__ASSIGNMENT__
Find the lines in the records below that contain "along", and report each of them.

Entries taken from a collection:
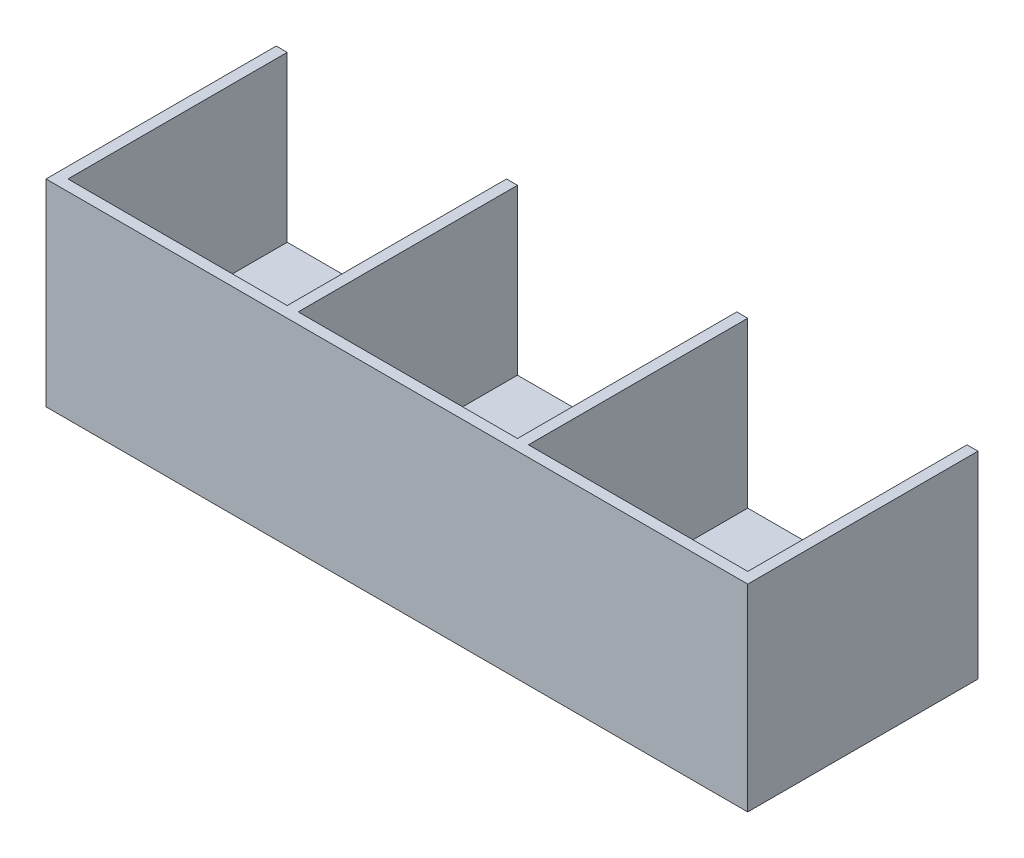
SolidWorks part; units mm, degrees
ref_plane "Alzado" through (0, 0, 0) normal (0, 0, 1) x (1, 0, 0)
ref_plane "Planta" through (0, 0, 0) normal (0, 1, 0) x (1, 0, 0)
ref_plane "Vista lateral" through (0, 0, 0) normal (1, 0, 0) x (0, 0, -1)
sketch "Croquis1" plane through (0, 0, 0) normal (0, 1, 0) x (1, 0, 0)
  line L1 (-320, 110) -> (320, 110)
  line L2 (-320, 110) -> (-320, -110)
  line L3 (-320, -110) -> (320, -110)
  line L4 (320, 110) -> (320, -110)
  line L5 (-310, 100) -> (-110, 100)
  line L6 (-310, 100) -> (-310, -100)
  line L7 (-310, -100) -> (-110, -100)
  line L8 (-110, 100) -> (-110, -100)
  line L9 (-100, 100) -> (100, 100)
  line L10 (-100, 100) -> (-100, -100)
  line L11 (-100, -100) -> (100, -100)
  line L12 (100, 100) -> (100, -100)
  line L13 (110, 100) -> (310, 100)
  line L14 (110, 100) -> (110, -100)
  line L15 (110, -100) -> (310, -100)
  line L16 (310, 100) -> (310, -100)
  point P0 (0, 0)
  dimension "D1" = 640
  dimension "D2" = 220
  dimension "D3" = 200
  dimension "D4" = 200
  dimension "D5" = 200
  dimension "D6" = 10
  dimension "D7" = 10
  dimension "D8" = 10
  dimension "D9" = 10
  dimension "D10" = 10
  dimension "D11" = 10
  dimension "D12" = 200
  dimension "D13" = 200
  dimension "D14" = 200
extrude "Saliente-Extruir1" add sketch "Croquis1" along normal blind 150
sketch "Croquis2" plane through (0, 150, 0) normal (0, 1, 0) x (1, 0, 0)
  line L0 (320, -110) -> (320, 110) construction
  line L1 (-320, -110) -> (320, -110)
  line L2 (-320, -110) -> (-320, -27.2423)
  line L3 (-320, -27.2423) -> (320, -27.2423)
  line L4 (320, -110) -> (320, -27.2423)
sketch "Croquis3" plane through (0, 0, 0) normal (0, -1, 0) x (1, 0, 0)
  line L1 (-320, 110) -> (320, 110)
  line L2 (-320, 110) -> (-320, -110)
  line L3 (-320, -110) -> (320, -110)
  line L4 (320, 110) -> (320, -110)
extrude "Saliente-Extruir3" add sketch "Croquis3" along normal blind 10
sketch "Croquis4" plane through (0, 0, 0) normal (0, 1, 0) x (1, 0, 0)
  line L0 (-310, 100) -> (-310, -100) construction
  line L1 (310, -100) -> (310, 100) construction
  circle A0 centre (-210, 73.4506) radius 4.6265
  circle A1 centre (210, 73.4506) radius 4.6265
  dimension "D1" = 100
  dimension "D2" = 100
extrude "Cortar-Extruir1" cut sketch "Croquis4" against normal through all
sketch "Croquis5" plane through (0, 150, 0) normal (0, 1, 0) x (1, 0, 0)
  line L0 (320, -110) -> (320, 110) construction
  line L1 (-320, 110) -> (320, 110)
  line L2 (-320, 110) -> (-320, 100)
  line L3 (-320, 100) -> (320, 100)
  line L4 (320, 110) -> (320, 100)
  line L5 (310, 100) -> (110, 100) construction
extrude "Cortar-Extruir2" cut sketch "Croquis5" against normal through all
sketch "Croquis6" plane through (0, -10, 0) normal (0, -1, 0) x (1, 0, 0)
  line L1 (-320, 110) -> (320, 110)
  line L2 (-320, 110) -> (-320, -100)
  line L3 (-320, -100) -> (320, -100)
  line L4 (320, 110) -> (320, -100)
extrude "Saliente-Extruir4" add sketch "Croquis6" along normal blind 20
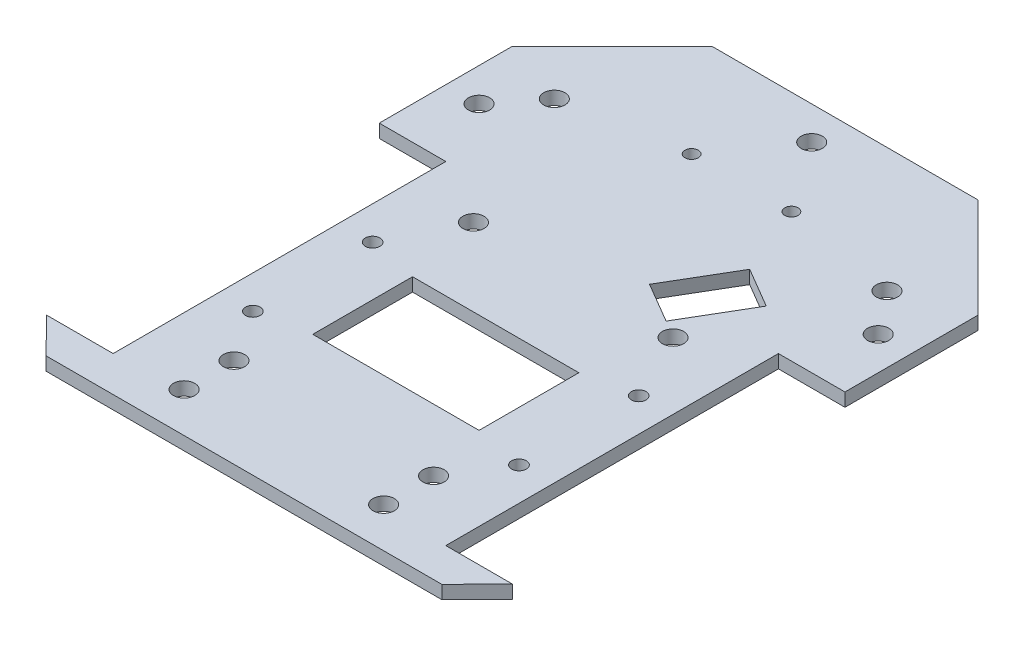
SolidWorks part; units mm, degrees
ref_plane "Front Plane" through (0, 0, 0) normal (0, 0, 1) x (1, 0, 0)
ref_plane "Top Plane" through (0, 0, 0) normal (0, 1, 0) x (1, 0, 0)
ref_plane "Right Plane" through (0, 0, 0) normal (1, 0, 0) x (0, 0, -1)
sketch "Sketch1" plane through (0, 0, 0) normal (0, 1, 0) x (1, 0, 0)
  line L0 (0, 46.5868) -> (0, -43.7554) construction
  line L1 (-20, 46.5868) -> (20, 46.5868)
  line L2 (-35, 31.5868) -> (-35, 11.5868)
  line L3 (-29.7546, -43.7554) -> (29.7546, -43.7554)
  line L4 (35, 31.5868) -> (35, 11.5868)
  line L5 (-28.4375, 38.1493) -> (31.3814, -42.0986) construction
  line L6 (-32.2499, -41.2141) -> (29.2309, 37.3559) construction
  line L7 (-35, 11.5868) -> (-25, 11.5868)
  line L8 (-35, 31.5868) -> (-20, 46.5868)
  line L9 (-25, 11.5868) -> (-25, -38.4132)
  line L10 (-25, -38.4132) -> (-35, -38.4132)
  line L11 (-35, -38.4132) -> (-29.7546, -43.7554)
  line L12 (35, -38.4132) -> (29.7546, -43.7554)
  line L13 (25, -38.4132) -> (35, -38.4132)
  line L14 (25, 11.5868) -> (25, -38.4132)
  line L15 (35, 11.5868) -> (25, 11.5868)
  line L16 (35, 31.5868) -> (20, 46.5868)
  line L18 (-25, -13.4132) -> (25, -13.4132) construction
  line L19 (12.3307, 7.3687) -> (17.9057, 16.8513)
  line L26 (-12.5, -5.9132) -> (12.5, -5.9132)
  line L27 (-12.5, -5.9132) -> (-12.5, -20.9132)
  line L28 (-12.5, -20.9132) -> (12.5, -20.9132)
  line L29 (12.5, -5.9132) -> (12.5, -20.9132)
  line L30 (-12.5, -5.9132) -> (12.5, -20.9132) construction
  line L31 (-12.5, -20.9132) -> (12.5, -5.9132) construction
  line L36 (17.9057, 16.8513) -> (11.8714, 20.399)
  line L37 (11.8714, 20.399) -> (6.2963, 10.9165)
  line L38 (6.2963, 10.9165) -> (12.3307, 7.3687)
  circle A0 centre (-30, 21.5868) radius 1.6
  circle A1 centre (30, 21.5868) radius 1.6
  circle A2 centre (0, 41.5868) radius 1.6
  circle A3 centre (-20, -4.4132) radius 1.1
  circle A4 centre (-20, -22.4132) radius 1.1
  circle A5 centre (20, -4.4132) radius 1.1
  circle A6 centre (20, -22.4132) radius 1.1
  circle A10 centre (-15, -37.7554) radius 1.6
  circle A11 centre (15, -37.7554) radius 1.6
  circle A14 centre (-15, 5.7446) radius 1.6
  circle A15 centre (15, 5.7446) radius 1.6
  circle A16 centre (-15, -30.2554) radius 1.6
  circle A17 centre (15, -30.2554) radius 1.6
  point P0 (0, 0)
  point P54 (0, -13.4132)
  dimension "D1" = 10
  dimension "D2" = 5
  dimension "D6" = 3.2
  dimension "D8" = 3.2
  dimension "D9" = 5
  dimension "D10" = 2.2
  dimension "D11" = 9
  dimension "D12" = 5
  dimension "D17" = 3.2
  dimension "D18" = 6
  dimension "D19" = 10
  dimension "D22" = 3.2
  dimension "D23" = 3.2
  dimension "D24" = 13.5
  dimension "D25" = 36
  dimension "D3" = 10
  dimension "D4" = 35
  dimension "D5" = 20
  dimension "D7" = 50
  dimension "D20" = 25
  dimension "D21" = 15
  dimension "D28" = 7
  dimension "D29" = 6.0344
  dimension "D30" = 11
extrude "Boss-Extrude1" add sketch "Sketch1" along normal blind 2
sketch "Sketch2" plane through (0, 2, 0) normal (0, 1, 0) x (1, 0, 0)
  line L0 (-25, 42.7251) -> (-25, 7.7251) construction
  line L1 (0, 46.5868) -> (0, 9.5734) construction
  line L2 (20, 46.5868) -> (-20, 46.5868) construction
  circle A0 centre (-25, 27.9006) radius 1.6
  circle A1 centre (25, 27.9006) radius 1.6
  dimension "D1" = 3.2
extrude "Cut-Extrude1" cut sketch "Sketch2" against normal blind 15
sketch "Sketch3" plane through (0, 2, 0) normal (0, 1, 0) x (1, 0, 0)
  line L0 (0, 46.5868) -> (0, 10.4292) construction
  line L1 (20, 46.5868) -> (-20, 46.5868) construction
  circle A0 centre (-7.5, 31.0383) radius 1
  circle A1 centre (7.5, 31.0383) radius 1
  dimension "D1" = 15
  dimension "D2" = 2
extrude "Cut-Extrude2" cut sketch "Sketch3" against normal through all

__TASK OUTPUT__
extrude "Saliente-Extruir1" add sketch "Croquis1" along normal blind 150
extrude "Saliente-Extruir3" add sketch "Croquis3" along normal blind 10
extrude "Saliente-Extruir4" add sketch "Croquis6" along normal blind 20
extrude "Boss-Extrude1" add sketch "Sketch1" along normal blind 2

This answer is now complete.